Task objective
Return, word for word, the lines of the listing below from the one with "#74=DIRECTION('',(0.,0.,-1.));" through the one with "#82=ADVANCED_FACE('F431',(#81),#55,.T.);", and no other lines.

Records for the task
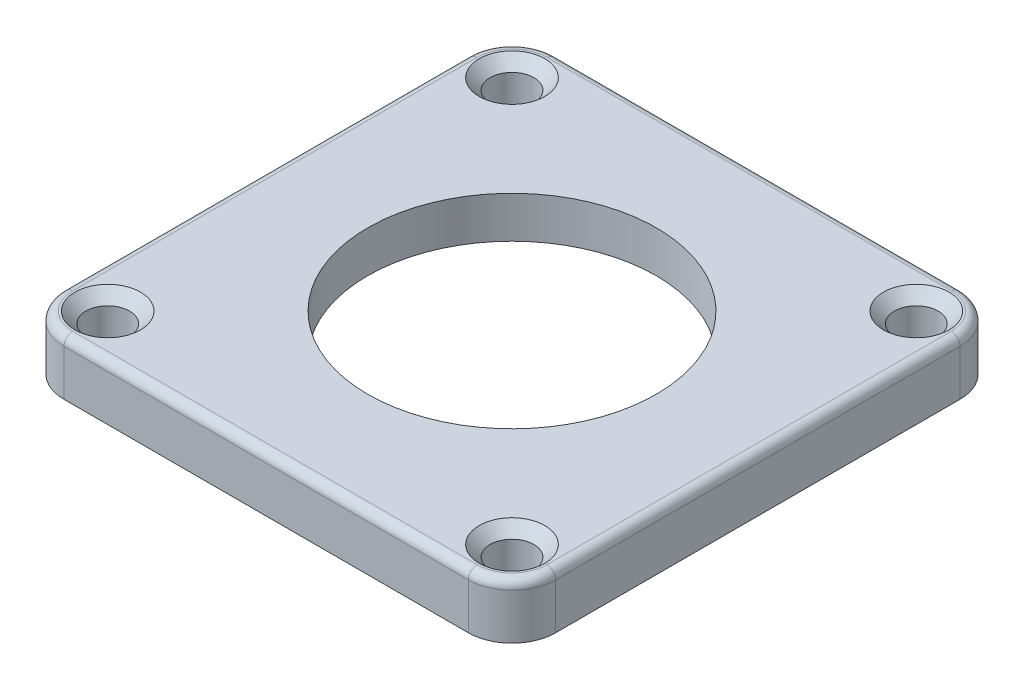
ISO-10303-21;
HEADER;
FILE_DESCRIPTION(('STEP AP214'),'2;1');
FILE_NAME('part.step','',(''),(''),'','','');
FILE_SCHEMA(('AUTOMOTIVE_DESIGN { 1 0 10303 214 1 1 1 1 }'));
ENDSEC;
DATA;
#1=APPLICATION_CONTEXT('core data for automotive mechanical design processes');
#2=APPLICATION_PROTOCOL_DEFINITION('international standard','automotive_design',2000,#1);
#3=PRODUCT_CONTEXT('',#1,'mechanical');
#4=PRODUCT('Part','Part','',(#3));
#5=PRODUCT_RELATED_PRODUCT_CATEGORY('part','',(#4));
#6=PRODUCT_DEFINITION_FORMATION('','',#4);
#7=PRODUCT_DEFINITION_CONTEXT('part definition',#1,'design');
#8=PRODUCT_DEFINITION('design','',#6,#7);
#9=PRODUCT_DEFINITION_SHAPE('','',#8);
#10=(LENGTH_UNIT() NAMED_UNIT(*) SI_UNIT(.MILLI.,.METRE.));
#11=(NAMED_UNIT(*) PLANE_ANGLE_UNIT() SI_UNIT($,.RADIAN.));
#12=(NAMED_UNIT(*) SI_UNIT($,.STERADIAN.) SOLID_ANGLE_UNIT());
#13=UNCERTAINTY_MEASURE_WITH_UNIT(LENGTH_MEASURE(1.E-05),#10,'distance_accuracy_value','');
#14=(GEOMETRIC_REPRESENTATION_CONTEXT(3) GLOBAL_UNCERTAINTY_ASSIGNED_CONTEXT((#13)) GLOBAL_UNIT_ASSIGNED_CONTEXT((#10,
#11,#12)) REPRESENTATION_CONTEXT('',''));
#15=CARTESIAN_POINT('',(0.,0.,0.));
#16=DIRECTION('',(0.,0.,1.));
#17=DIRECTION('',(1.,0.,0.));
#18=AXIS2_PLACEMENT_3D('',#15,#16,#17);
#19=CARTESIAN_POINT('',(0.,0.,0.));
#20=DIRECTION('',(0.,-1.,0.));
#21=DIRECTION('',(0.,0.,-1.));
#22=AXIS2_PLACEMENT_3D('',#19,#20,#21);
#23=PLANE('',#22);
#24=CARTESIAN_POINT('',(-23.495,0.,-23.495));
#25=DIRECTION('',(0.,1.,0.));
#26=DIRECTION('',(0.,0.,1.));
#27=AXIS2_PLACEMENT_3D('',#24,#25,#26);
#28=CIRCLE('',#27,2.54);
#29=CARTESIAN_POINT('',(-23.495,0.,-20.955));
#30=VERTEX_POINT('',#29);
#31=EDGE_CURVE('E229',#30,#30,#28,.T.);
#32=ORIENTED_EDGE('',*,*,#31,.T.);
#33=EDGE_LOOP('',(#32));
#34=FACE_BOUND('',#33,.T.);
#35=CARTESIAN_POINT('',(23.495,0.,-23.495));
#36=DIRECTION('',(0.,1.,0.));
#37=DIRECTION('',(0.,0.,1.));
#38=AXIS2_PLACEMENT_3D('',#35,#36,#37);
#39=CIRCLE('',#38,2.54);
#40=CARTESIAN_POINT('',(23.495,0.,-20.955));
#41=VERTEX_POINT('',#40);
#42=EDGE_CURVE('E242',#41,#41,#39,.T.);
#43=ORIENTED_EDGE('',*,*,#42,.T.);
#44=EDGE_LOOP('',(#43));
#45=FACE_BOUND('',#44,.T.);
#46=DIRECTION('',(1.,0.,0.));
#47=VECTOR('',#46,1.);
#48=CARTESIAN_POINT('',(-28.575,0.,28.575));
#49=LINE('',#48,#47);
#50=CARTESIAN_POINT('',(-23.495,0.,28.575));
#51=VERTEX_POINT('',#50);
#52=CARTESIAN_POINT('',(23.495,0.,28.575));
#53=VERTEX_POINT('',#52);
#54=EDGE_CURVE('E125',#51,#53,#49,.T.);
#55=ORIENTED_EDGE('',*,*,#54,.F.);
#56=CARTESIAN_POINT('',(-23.495,0.,23.495));
#57=DIRECTION('',(0.,-1.,0.));
#58=DIRECTION('',(0.,0.,-1.));
#59=AXIS2_PLACEMENT_3D('',#56,#57,#58);
#60=CIRCLE('',#59,5.08);
#61=CARTESIAN_POINT('',(-28.575,0.,23.495));
#62=VERTEX_POINT('',#61);
#63=EDGE_CURVE('E131',#51,#62,#60,.T.);
#64=ORIENTED_EDGE('',*,*,#63,.T.);
#65=DIRECTION('',(0.,0.,1.));
#66=VECTOR('',#65,1.);
#67=CARTESIAN_POINT('',(-28.575,0.,28.575));
#68=LINE('',#67,#66);
#69=CARTESIAN_POINT('',(-28.575,0.,-23.495));
#70=VERTEX_POINT('',#69);
#71=EDGE_CURVE('E143',#70,#62,#68,.T.);
#72=ORIENTED_EDGE('',*,*,#71,.F.);
#73=CARTESIAN_POINT('',(-23.495,0.,-23.495));
#74=DIRECTION('',(0.,-1.,0.));
#75=DIRECTION('',(0.,0.,-1.));
#76=AXIS2_PLACEMENT_3D('',#73,#74,#75);
#77=CIRCLE('',#76,5.08);
#78=CARTESIAN_POINT('',(-23.495,0.,-28.575));
#79=VERTEX_POINT('',#78);
#80=EDGE_CURVE('E128',#70,#79,#77,.T.);
#81=ORIENTED_EDGE('',*,*,#80,.T.);
#82=DIRECTION('',(-1.,0.,0.));
#83=VECTOR('',#82,1.);
#84=CARTESIAN_POINT('',(-28.575,0.,-28.575));
#85=LINE('',#84,#83);
#86=CARTESIAN_POINT('',(23.495,0.,-28.575));
#87=VERTEX_POINT('',#86);
#88=EDGE_CURVE('E146',#87,#79,#85,.T.);
#89=ORIENTED_EDGE('',*,*,#88,.F.);
#90=CARTESIAN_POINT('',(23.495,0.,-23.495));
#91=DIRECTION('',(0.,-1.,0.));
#92=DIRECTION('',(0.,0.,-1.));
#93=AXIS2_PLACEMENT_3D('',#90,#91,#92);
#94=CIRCLE('',#93,5.08);
#95=CARTESIAN_POINT('',(28.575,0.,-23.495));
#96=VERTEX_POINT('',#95);
#97=EDGE_CURVE('E151',#87,#96,#94,.T.);
#98=ORIENTED_EDGE('',*,*,#97,.T.);
#99=DIRECTION('',(0.,0.,-1.));
#100=VECTOR('',#99,1.);
#101=CARTESIAN_POINT('',(28.575,0.,28.575));
#102=LINE('',#101,#100);
#103=CARTESIAN_POINT('',(28.575,0.,23.495));
#104=VERTEX_POINT('',#103);
#105=EDGE_CURVE('E267',#104,#96,#102,.T.);
#106=ORIENTED_EDGE('',*,*,#105,.F.);
#107=CARTESIAN_POINT('',(23.495,0.,23.495));
#108=DIRECTION('',(0.,-1.,0.));
#109=DIRECTION('',(0.,0.,-1.));
#110=AXIS2_PLACEMENT_3D('',#107,#108,#109);
#111=CIRCLE('',#110,5.08);
#112=EDGE_CURVE('E138',#104,#53,#111,.T.);
#113=ORIENTED_EDGE('',*,*,#112,.T.);
#114=EDGE_LOOP('',(#55,#64,#72,#81,#89,#98,#106,#113));
#115=FACE_BOUND('',#114,.T.);
#116=CARTESIAN_POINT('',(0.,0.,0.));
#117=DIRECTION('',(0.,-1.,0.));
#118=DIRECTION('',(0.,0.,-1.));
#119=AXIS2_PLACEMENT_3D('',#116,#117,#118);
#120=CIRCLE('',#119,19.05);
#121=CARTESIAN_POINT('',(0.,0.,-19.05));
#122=VERTEX_POINT('',#121);
#123=EDGE_CURVE('E263',#122,#122,#120,.T.);
#124=ORIENTED_EDGE('',*,*,#123,.F.);
#125=EDGE_LOOP('',(#124));
#126=FACE_BOUND('',#125,.T.);
#127=CARTESIAN_POINT('',(23.495,0.,23.495));
#128=DIRECTION('',(0.,1.,0.));
#129=DIRECTION('',(0.,0.,1.));
#130=AXIS2_PLACEMENT_3D('',#127,#128,#129);
#131=CIRCLE('',#130,2.54);
#132=CARTESIAN_POINT('',(23.495,0.,26.035));
#133=VERTEX_POINT('',#132);
#134=EDGE_CURVE('E260',#133,#133,#131,.T.);
#135=ORIENTED_EDGE('',*,*,#134,.T.);
#136=EDGE_LOOP('',(#135));
#137=FACE_BOUND('',#136,.T.);
#138=CARTESIAN_POINT('',(-23.495,0.,23.495));
#139=DIRECTION('',(0.,1.,0.));
#140=DIRECTION('',(0.,0.,1.));
#141=AXIS2_PLACEMENT_3D('',#138,#139,#140);
#142=CIRCLE('',#141,2.54);
#143=CARTESIAN_POINT('',(-23.495,0.,26.035));
#144=VERTEX_POINT('',#143);
#145=EDGE_CURVE('E251',#144,#144,#142,.T.);
#146=ORIENTED_EDGE('',*,*,#145,.T.);
#147=EDGE_LOOP('',(#146));
#148=FACE_BOUND('',#147,.T.);
#149=ADVANCED_FACE('F32',(#34,#45,#115,#126,#137,#148),#23,.T.);
#150=CARTESIAN_POINT('',(28.575,6.35,28.575));
#151=DIRECTION('',(-1.,0.,0.));
#152=DIRECTION('',(0.,0.,1.));
#153=AXIS2_PLACEMENT_3D('',#150,#151,#152);
#154=PLANE('',#153);
#155=DIRECTION('',(0.,-1.,0.));
#156=VECTOR('',#155,1.);
#157=CARTESIAN_POINT('',(28.575,6.35,-23.495));
#158=LINE('',#157,#156);
#159=CARTESIAN_POINT('',(28.575,5.334,-23.495));
#160=VERTEX_POINT('',#159);
#161=EDGE_CURVE('E156',#96,#160,#158,.F.);
#162=ORIENTED_EDGE('',*,*,#161,.T.);
#163=DIRECTION('',(0.,0.,-1.));
#164=VECTOR('',#163,1.);
#165=CARTESIAN_POINT('',(28.575,5.334,28.575));
#166=LINE('',#165,#164);
#167=CARTESIAN_POINT('',(28.575,5.334,23.495));
#168=VERTEX_POINT('',#167);
#169=EDGE_CURVE('E190',#160,#168,#166,.F.);
#170=ORIENTED_EDGE('',*,*,#169,.T.);
#171=DIRECTION('',(0.,-1.,0.));
#172=VECTOR('',#171,1.);
#173=CARTESIAN_POINT('',(28.575,6.35,23.495));
#174=LINE('',#173,#172);
#175=EDGE_CURVE('E159',#168,#104,#174,.T.);
#176=ORIENTED_EDGE('',*,*,#175,.T.);
#177=ORIENTED_EDGE('',*,*,#105,.T.);
#178=EDGE_LOOP('',(#162,#170,#176,#177));
#179=FACE_BOUND('',#178,.T.);
#180=ADVANCED_FACE('F313',(#179),#154,.F.);
#181=CARTESIAN_POINT('',(-28.575,6.35,-28.575));
#182=DIRECTION('',(0.,0.,1.));
#183=DIRECTION('',(1.,0.,0.));
#184=AXIS2_PLACEMENT_3D('',#181,#182,#183);
#185=PLANE('',#184);
#186=DIRECTION('',(0.,-1.,0.));
#187=VECTOR('',#186,1.);
#188=CARTESIAN_POINT('',(-23.495,6.35,-28.575));
#189=LINE('',#188,#187);
#190=CARTESIAN_POINT('',(-23.495,5.334,-28.575));
#191=VERTEX_POINT('',#190);
#192=EDGE_CURVE('E161',#79,#191,#189,.F.);
#193=ORIENTED_EDGE('',*,*,#192,.T.);
#194=DIRECTION('',(-1.,0.,0.));
#195=VECTOR('',#194,1.);
#196=CARTESIAN_POINT('',(-28.575,5.334,-28.575));
#197=LINE('',#196,#195);
#198=CARTESIAN_POINT('',(23.495,5.334,-28.575));
#199=VERTEX_POINT('',#198);
#200=EDGE_CURVE('E186',#191,#199,#197,.F.);
#201=ORIENTED_EDGE('',*,*,#200,.T.);
#202=DIRECTION('',(0.,-1.,0.));
#203=VECTOR('',#202,1.);
#204=CARTESIAN_POINT('',(23.495,6.35,-28.575));
#205=LINE('',#204,#203);
#206=EDGE_CURVE('E164',#199,#87,#205,.T.);
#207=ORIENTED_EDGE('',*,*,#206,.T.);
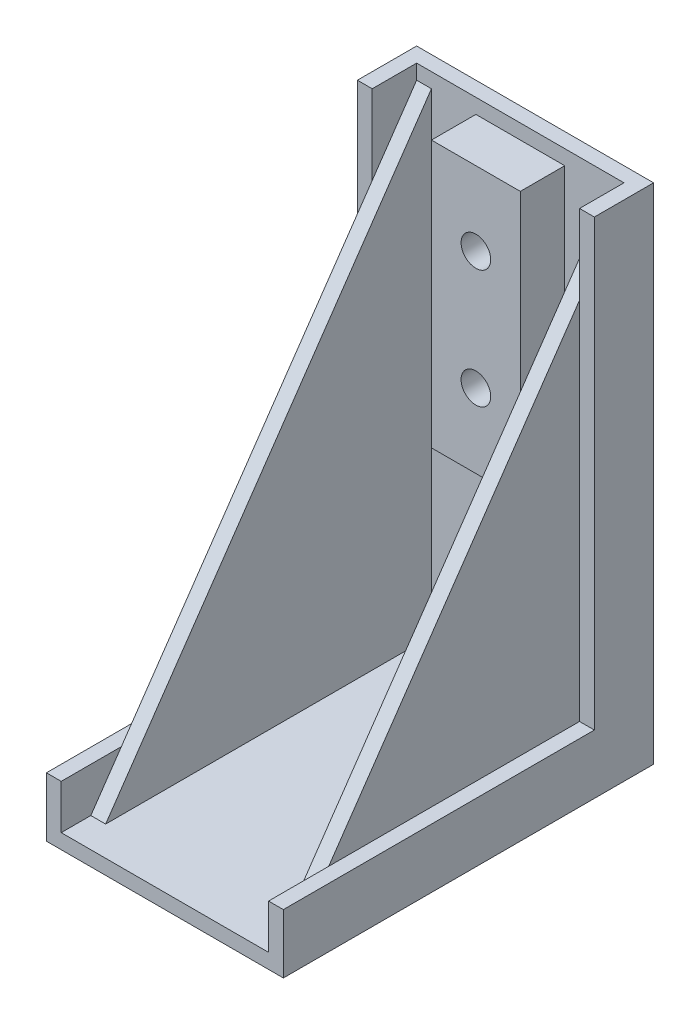
ISO-10303-21;
HEADER;
FILE_DESCRIPTION(('STEP AP214'),'2;1');
FILE_NAME('part.step','',(''),(''),'','','');
FILE_SCHEMA(('AUTOMOTIVE_DESIGN { 1 0 10303 214 1 1 1 1 }'));
ENDSEC;
DATA;
#1=APPLICATION_CONTEXT('core data for automotive mechanical design processes');
#2=APPLICATION_PROTOCOL_DEFINITION('international standard','automotive_design',2000,#1);
#3=PRODUCT_CONTEXT('',#1,'mechanical');
#4=PRODUCT('Part','Part','',(#3));
#5=PRODUCT_RELATED_PRODUCT_CATEGORY('part','',(#4));
#6=PRODUCT_DEFINITION_FORMATION('','',#4);
#7=PRODUCT_DEFINITION_CONTEXT('part definition',#1,'design');
#8=PRODUCT_DEFINITION('design','',#6,#7);
#9=PRODUCT_DEFINITION_SHAPE('','',#8);
#10=(LENGTH_UNIT() NAMED_UNIT(*) SI_UNIT(.MILLI.,.METRE.));
#11=(NAMED_UNIT(*) PLANE_ANGLE_UNIT() SI_UNIT($,.RADIAN.));
#12=(NAMED_UNIT(*) SI_UNIT($,.STERADIAN.) SOLID_ANGLE_UNIT());
#13=UNCERTAINTY_MEASURE_WITH_UNIT(LENGTH_MEASURE(1.E-05),#10,'distance_accuracy_value','');
#14=(GEOMETRIC_REPRESENTATION_CONTEXT(3) GLOBAL_UNCERTAINTY_ASSIGNED_CONTEXT((#13)) GLOBAL_UNIT_ASSIGNED_CONTEXT((#10,
#11,#12)) REPRESENTATION_CONTEXT('',''));
#15=CARTESIAN_POINT('',(0.,0.,0.));
#16=DIRECTION('',(0.,0.,1.));
#17=DIRECTION('',(1.,0.,0.));
#18=AXIS2_PLACEMENT_3D('',#15,#16,#17);
#19=CARTESIAN_POINT('',(1.25,22.5103021978022,60.9752747252747));
#20=DIRECTION('',(-1.,0.,0.));
#21=DIRECTION('',(0.,-1.,0.));
#22=AXIS2_PLACEMENT_3D('',#19,#20,#21);
#23=PLANE('',#22);
#24=DIRECTION('',(0.,0.,1.));
#25=VECTOR('',#24,1.);
#26=CARTESIAN_POINT('',(1.25,-13.7396978021978,33.4752747252747));
#27=LINE('',#26,#25);
#28=CARTESIAN_POINT('',(1.25,-13.7396978021978,37.2252747252747));
#29=VERTEX_POINT('',#28);
#30=CARTESIAN_POINT('',(1.25,-13.7396978021978,58.3971497252747));
#31=VERTEX_POINT('',#30);
#32=EDGE_CURVE('E271',#29,#31,#27,.T.);
#33=ORIENTED_EDGE('',*,*,#32,.T.);
#34=DIRECTION('',(0.,-0.824041924199368,0.566528822887065));
#35=VECTOR('',#34,1.);
#36=CARTESIAN_POINT('',(1.25,22.5103021978022,33.4752747252747));
#37=LINE('',#36,#35);
#38=CARTESIAN_POINT('',(1.25,17.0557567432567,37.2252747252747));
#39=VERTEX_POINT('',#38);
#40=EDGE_CURVE('E230',#39,#31,#37,.T.);
#41=ORIENTED_EDGE('',*,*,#40,.F.);
#42=DIRECTION('',(0.,-1.,0.));
#43=VECTOR('',#42,1.);
#44=CARTESIAN_POINT('',(1.25,23.7603021978022,37.2252747252747));
#45=LINE('',#44,#43);
#46=EDGE_CURVE('E277',#39,#29,#45,.T.);
#47=ORIENTED_EDGE('',*,*,#46,.T.);
#48=EDGE_LOOP('',(#33,#41,#47));
#49=FACE_BOUND('',#48,.T.);
#50=ADVANCED_FACE('F41',(#49),#23,.T.);
#51=CARTESIAN_POINT('',(2.5,22.5103021978022,60.9752747252747));
#52=DIRECTION('',(1.,0.,0.));
#53=DIRECTION('',(0.,1.,0.));
#54=AXIS2_PLACEMENT_3D('',#51,#52,#53);
#55=PLANE('',#54);
#56=DIRECTION('',(0.,-1.,0.));
#57=VECTOR('',#56,1.);
#58=CARTESIAN_POINT('',(2.5,22.5103021978022,33.4752747252747));
#59=LINE('',#58,#57);
#60=CARTESIAN_POINT('',(2.5,22.5103021978022,33.4752747252747));
#61=VERTEX_POINT('',#60);
#62=CARTESIAN_POINT('',(2.5,-17.4896978021978,33.4752747252747));
#63=VERTEX_POINT('',#62);
#64=EDGE_CURVE('E65',#61,#63,#59,.T.);
#65=ORIENTED_EDGE('',*,*,#64,.F.);
#66=DIRECTION('',(0.,-0.824041924199368,0.566528822887065));
#67=VECTOR('',#66,1.);
#68=CARTESIAN_POINT('',(2.5,22.5103021978022,33.4752747252747));
#69=LINE('',#68,#67);
#70=CARTESIAN_POINT('',(2.5,-17.4896978021978,60.9752747252747));
#71=VERTEX_POINT('',#70);
#72=EDGE_CURVE('E219',#61,#71,#69,.T.);
#73=ORIENTED_EDGE('',*,*,#72,.T.);
#74=DIRECTION('',(0.,0.,-1.));
#75=VECTOR('',#74,1.);
#76=CARTESIAN_POINT('',(2.5,-17.4896978021978,60.9752747252747));
#77=LINE('',#76,#75);
#78=EDGE_CURVE('E241',#71,#63,#77,.T.);
#79=ORIENTED_EDGE('',*,*,#78,.T.);
#80=EDGE_LOOP('',(#65,#73,#79));
#81=FACE_BOUND('',#80,.T.);
#82=ADVANCED_FACE('F431',(#81),#55,.T.);
#83=CARTESIAN_POINT('',(1.25,23.7603021978022,33.4752747252747));
#84=DIRECTION('',(-1.,0.,0.));
#85=DIRECTION('',(0.,-1.,0.));
#86=AXIS2_PLACEMENT_3D('',#83,#84,#85);
#87=PLANE('',#86);
#88=CARTESIAN_POINT('',(1.25,-13.7396978021978,63.4752747252747));
#89=VERTEX_POINT('',#88);
#90=EDGE_CURVE('E258',#31,#89,#27,.T.);
#91=ORIENTED_EDGE('',*,*,#90,.T.);
#92=DIRECTION('',(0.,1.,0.));
#93=VECTOR('',#92,1.);
#94=CARTESIAN_POINT('',(1.25,-17.4896978021978,63.4752747252747));
#95=LINE('',#94,#93);
#96=CARTESIAN_POINT('',(1.25,-17.4896978021978,63.4752747252747));
#97=VERTEX_POINT('',#96);
#98=EDGE_CURVE('E270',#97,#89,#95,.T.);
#99=ORIENTED_EDGE('',*,*,#98,.F.);
#100=DIRECTION('',(0.,0.,1.));
#101=VECTOR('',#100,1.);
#102=CARTESIAN_POINT('',(1.25,-17.4896978021978,33.4752747252747));
#103=LINE('',#102,#101);
#104=CARTESIAN_POINT('',(1.25,-17.4896978021978,60.9752747252747));
#105=VERTEX_POINT('',#104);
#106=EDGE_CURVE('E259',#105,#97,#103,.T.);
#107=ORIENTED_EDGE('',*,*,#106,.F.);
#108=EDGE_CURVE('E222',#31,#105,#37,.T.);
#109=ORIENTED_EDGE('',*,*,#108,.F.);
#110=EDGE_LOOP('',(#91,#99,#107,#109));
#111=FACE_BOUND('',#110,.T.);
#112=ADVANCED_FACE('F413',(#111),#87,.F.);
#113=CARTESIAN_POINT('',(18.75,23.7603021978022,33.4752747252747));
#114=DIRECTION('',(1.,0.,0.));
#115=DIRECTION('',(0.,1.,0.));
#116=AXIS2_PLACEMENT_3D('',#113,#114,#115);
#117=PLANE('',#116);
#118=DIRECTION('',(0.,1.,0.));
#119=VECTOR('',#118,1.);
#120=CARTESIAN_POINT('',(18.75,23.7603021978022,33.4752747252747));
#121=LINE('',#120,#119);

Response
#74=DIRECTION('',(0.,0.,-1.));
#75=VECTOR('',#74,1.);
#76=CARTESIAN_POINT('',(2.5,-17.4896978021978,60.9752747252747));
#77=LINE('',#76,#75);
#78=EDGE_CURVE('E241',#71,#63,#77,.T.);
#79=ORIENTED_EDGE('',*,*,#78,.T.);
#80=EDGE_LOOP('',(#65,#73,#79));
#81=FACE_BOUND('',#80,.T.);
#82=ADVANCED_FACE('F431',(#81),#55,.T.);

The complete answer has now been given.